Schaken is een van de meest intelligente spellenuitgevonden in de hele geschiedenis van de mensheid. Ze traint logica, uithoudingsvermogen, leert elke beweging te berekenen en zich aan te passen aan de veranderende omgeving op het speelveld. Het spel heeft meer dan duizend jaar geschiedenis en het is al moeilijk om met wetenschappelijke zekerheid te antwoorden op de vraag waar het schaken is uitgevonden, maar we zullen toch proberen om de sluier van geheimhouding op zijn minst een beetje op te lichten.
Een legende houdt verband met de opkomst van schaken. Volgens deze legende verscheen het spel ongeveer duizend jaar vóór onze jaartelling, omdat het de uitvinding was van een bepaalde Indiase wiskundige, die ook zo'n wiskundige actie had uitgevonden als het verhogen van de macht. Wat dit spel precies was, zegt deze legende niet, maar er wordt vermeld dat er een bord werd gebruikt dat was verdeeld in 64 cellen om het te spelen. De dankbare sjeik, die verliefd werd op dit spel, nodigde hem uit om voor zichzelf elke beloning te kiezen die hij wilde. Vervolgens vroeg hij om een bepaald aantal korrels dat op het speelbord zou passen, als ze in elke volgende cel twee keer zoveel werden gelegd als in de vorige. De sjeik stemde roekeloos in, maar na de laatste berekeningen bleek dat hij de wijze meer dan honderd kubieke kilometer graan schuldig was (laten we voor de nauwkeurigheid zeggen dat de laatste cel 9.223.372.036 854.775.808 korrels had moeten hebben, dus de som van de korrels van alle cellen zou vertegenwoordigen een echt astronomisch getal).

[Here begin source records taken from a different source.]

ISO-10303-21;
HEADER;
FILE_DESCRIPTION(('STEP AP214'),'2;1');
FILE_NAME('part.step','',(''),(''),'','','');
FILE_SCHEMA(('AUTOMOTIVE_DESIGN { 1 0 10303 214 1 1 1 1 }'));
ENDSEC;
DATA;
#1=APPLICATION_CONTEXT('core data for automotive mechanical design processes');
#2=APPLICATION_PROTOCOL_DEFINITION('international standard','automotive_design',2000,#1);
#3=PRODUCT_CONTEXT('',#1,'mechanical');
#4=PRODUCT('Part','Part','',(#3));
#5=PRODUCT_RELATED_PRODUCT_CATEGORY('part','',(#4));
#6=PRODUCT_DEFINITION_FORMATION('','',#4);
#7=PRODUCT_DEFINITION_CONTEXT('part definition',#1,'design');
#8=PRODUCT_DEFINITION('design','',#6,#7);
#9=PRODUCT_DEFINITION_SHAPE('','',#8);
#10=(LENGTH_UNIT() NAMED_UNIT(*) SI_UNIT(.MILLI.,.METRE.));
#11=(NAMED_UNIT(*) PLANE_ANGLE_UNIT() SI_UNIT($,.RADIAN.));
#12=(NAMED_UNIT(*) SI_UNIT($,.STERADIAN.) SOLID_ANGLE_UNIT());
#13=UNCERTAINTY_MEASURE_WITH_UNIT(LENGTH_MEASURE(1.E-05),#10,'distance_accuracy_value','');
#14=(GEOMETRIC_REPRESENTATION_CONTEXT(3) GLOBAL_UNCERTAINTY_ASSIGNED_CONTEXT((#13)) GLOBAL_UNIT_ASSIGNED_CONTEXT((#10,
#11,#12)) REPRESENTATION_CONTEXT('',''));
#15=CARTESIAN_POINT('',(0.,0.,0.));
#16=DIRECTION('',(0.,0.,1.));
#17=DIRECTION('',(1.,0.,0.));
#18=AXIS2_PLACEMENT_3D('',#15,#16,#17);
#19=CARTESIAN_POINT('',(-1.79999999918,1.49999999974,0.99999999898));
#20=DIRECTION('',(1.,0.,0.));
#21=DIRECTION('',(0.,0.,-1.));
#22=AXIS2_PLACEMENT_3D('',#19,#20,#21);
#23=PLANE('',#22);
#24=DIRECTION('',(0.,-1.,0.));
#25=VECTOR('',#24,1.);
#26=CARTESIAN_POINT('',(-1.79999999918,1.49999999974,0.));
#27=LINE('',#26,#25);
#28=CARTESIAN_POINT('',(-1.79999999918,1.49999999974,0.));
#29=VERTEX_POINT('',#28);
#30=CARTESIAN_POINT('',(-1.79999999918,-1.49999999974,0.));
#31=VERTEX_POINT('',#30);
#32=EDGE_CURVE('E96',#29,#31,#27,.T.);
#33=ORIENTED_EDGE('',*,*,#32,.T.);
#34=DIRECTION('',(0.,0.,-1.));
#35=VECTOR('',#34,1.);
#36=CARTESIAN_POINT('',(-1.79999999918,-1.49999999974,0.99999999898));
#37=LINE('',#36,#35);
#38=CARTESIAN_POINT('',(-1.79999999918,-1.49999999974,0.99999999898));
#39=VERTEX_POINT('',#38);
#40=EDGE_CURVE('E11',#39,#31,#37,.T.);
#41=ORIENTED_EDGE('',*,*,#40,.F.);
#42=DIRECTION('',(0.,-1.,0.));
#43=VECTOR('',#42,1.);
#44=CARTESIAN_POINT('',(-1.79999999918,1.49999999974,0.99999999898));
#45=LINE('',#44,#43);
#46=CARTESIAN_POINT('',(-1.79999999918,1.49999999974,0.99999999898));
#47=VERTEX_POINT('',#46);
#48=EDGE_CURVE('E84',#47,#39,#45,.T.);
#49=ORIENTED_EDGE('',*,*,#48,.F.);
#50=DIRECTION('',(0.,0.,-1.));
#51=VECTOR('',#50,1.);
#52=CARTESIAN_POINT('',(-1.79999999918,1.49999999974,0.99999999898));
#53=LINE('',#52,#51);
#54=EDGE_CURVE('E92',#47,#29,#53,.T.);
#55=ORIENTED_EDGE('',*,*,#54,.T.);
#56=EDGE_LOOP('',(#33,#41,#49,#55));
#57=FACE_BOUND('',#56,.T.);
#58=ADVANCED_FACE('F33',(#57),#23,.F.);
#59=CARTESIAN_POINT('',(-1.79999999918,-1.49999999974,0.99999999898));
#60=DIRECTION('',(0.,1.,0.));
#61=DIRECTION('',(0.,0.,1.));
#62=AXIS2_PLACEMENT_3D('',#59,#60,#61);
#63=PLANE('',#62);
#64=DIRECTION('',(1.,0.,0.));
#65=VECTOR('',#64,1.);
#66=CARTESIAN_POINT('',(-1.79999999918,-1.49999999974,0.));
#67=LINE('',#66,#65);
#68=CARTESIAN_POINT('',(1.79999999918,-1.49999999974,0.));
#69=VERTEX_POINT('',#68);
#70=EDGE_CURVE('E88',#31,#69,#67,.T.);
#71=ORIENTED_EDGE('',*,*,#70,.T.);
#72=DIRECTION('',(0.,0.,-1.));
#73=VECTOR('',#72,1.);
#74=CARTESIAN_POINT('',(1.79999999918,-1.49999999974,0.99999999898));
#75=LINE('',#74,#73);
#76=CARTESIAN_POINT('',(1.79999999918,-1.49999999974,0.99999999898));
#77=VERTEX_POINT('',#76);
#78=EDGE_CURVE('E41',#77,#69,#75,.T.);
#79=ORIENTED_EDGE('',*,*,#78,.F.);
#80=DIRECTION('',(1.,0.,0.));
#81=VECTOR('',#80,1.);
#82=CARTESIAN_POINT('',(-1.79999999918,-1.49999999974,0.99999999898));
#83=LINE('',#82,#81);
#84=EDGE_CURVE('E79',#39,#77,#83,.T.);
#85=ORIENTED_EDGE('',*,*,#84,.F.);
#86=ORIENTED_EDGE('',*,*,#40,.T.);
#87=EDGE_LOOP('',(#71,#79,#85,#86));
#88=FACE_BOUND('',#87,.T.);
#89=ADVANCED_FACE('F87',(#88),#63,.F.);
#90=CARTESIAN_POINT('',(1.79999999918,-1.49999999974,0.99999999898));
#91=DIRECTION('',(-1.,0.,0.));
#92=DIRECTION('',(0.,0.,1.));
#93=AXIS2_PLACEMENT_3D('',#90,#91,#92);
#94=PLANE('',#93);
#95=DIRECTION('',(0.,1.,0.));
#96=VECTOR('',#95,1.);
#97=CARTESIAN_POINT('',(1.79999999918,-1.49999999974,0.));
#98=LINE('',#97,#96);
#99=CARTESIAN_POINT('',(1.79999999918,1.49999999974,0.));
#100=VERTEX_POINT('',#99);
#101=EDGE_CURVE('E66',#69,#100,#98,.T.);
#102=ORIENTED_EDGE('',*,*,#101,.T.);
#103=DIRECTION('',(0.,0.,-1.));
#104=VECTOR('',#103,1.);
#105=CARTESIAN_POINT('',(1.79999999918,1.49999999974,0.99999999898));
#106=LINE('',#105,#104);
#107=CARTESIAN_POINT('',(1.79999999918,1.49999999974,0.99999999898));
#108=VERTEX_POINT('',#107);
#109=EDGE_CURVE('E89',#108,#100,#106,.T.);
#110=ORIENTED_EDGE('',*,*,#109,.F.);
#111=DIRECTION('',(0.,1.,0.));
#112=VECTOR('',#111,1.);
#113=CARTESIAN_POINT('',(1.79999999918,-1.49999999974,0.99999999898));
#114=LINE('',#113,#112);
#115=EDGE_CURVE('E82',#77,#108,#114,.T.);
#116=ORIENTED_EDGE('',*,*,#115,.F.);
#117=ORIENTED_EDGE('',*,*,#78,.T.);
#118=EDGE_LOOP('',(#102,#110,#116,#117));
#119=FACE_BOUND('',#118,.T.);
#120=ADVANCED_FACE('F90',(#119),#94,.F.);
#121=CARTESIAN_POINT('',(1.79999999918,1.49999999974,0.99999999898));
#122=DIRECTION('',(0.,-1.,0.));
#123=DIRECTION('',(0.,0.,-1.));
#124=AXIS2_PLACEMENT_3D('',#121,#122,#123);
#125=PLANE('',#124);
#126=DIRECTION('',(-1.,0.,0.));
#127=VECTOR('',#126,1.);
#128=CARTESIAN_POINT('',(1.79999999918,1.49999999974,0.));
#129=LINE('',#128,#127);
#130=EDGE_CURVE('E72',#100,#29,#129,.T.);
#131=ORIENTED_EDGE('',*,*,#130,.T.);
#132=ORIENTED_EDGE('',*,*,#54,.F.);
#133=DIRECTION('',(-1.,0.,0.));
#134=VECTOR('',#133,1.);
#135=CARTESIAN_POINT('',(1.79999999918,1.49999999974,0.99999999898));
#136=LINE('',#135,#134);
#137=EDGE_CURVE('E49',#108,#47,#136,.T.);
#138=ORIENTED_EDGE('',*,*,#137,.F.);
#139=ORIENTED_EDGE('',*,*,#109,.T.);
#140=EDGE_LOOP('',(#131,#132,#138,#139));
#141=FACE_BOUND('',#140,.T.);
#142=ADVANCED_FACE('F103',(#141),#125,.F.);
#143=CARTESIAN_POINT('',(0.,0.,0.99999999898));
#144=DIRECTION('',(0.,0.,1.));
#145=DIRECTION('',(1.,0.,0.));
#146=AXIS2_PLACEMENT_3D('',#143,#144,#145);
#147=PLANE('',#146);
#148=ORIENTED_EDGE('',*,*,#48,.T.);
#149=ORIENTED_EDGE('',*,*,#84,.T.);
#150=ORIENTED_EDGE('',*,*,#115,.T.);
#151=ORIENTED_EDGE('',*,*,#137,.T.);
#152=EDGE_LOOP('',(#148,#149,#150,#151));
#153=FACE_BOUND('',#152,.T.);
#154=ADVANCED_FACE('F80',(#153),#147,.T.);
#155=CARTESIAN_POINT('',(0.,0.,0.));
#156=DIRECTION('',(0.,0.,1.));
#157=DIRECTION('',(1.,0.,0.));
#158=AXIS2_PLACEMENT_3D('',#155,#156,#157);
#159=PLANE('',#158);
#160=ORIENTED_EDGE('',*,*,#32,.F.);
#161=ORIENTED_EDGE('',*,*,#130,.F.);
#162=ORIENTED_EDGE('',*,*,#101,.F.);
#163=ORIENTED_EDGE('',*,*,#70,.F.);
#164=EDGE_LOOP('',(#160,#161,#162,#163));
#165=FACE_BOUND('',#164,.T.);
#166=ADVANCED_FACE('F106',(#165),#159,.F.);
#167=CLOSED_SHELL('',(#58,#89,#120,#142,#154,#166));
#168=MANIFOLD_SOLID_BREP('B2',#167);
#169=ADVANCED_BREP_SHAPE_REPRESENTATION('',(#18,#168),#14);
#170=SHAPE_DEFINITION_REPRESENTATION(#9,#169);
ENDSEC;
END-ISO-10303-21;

Volgens de bovenstaande legende is het antwoord opde vraag waar het schaken is uitgevonden, is ondubbelzinnig - in India. Archeologische opgravingen geven echter aan dat een soortgelijk spel enkele duizenden jaren vóór onze jaartelling in Egypte bestond, dus wetenschappers kunnen het land waar het schaken is uitgevonden nog steeds niet nauwkeurig noemen. Hoe zag het eerste schaak eruit, wat waren hun regels, hoe werd het schaakspel in die verre tijden gespeeld?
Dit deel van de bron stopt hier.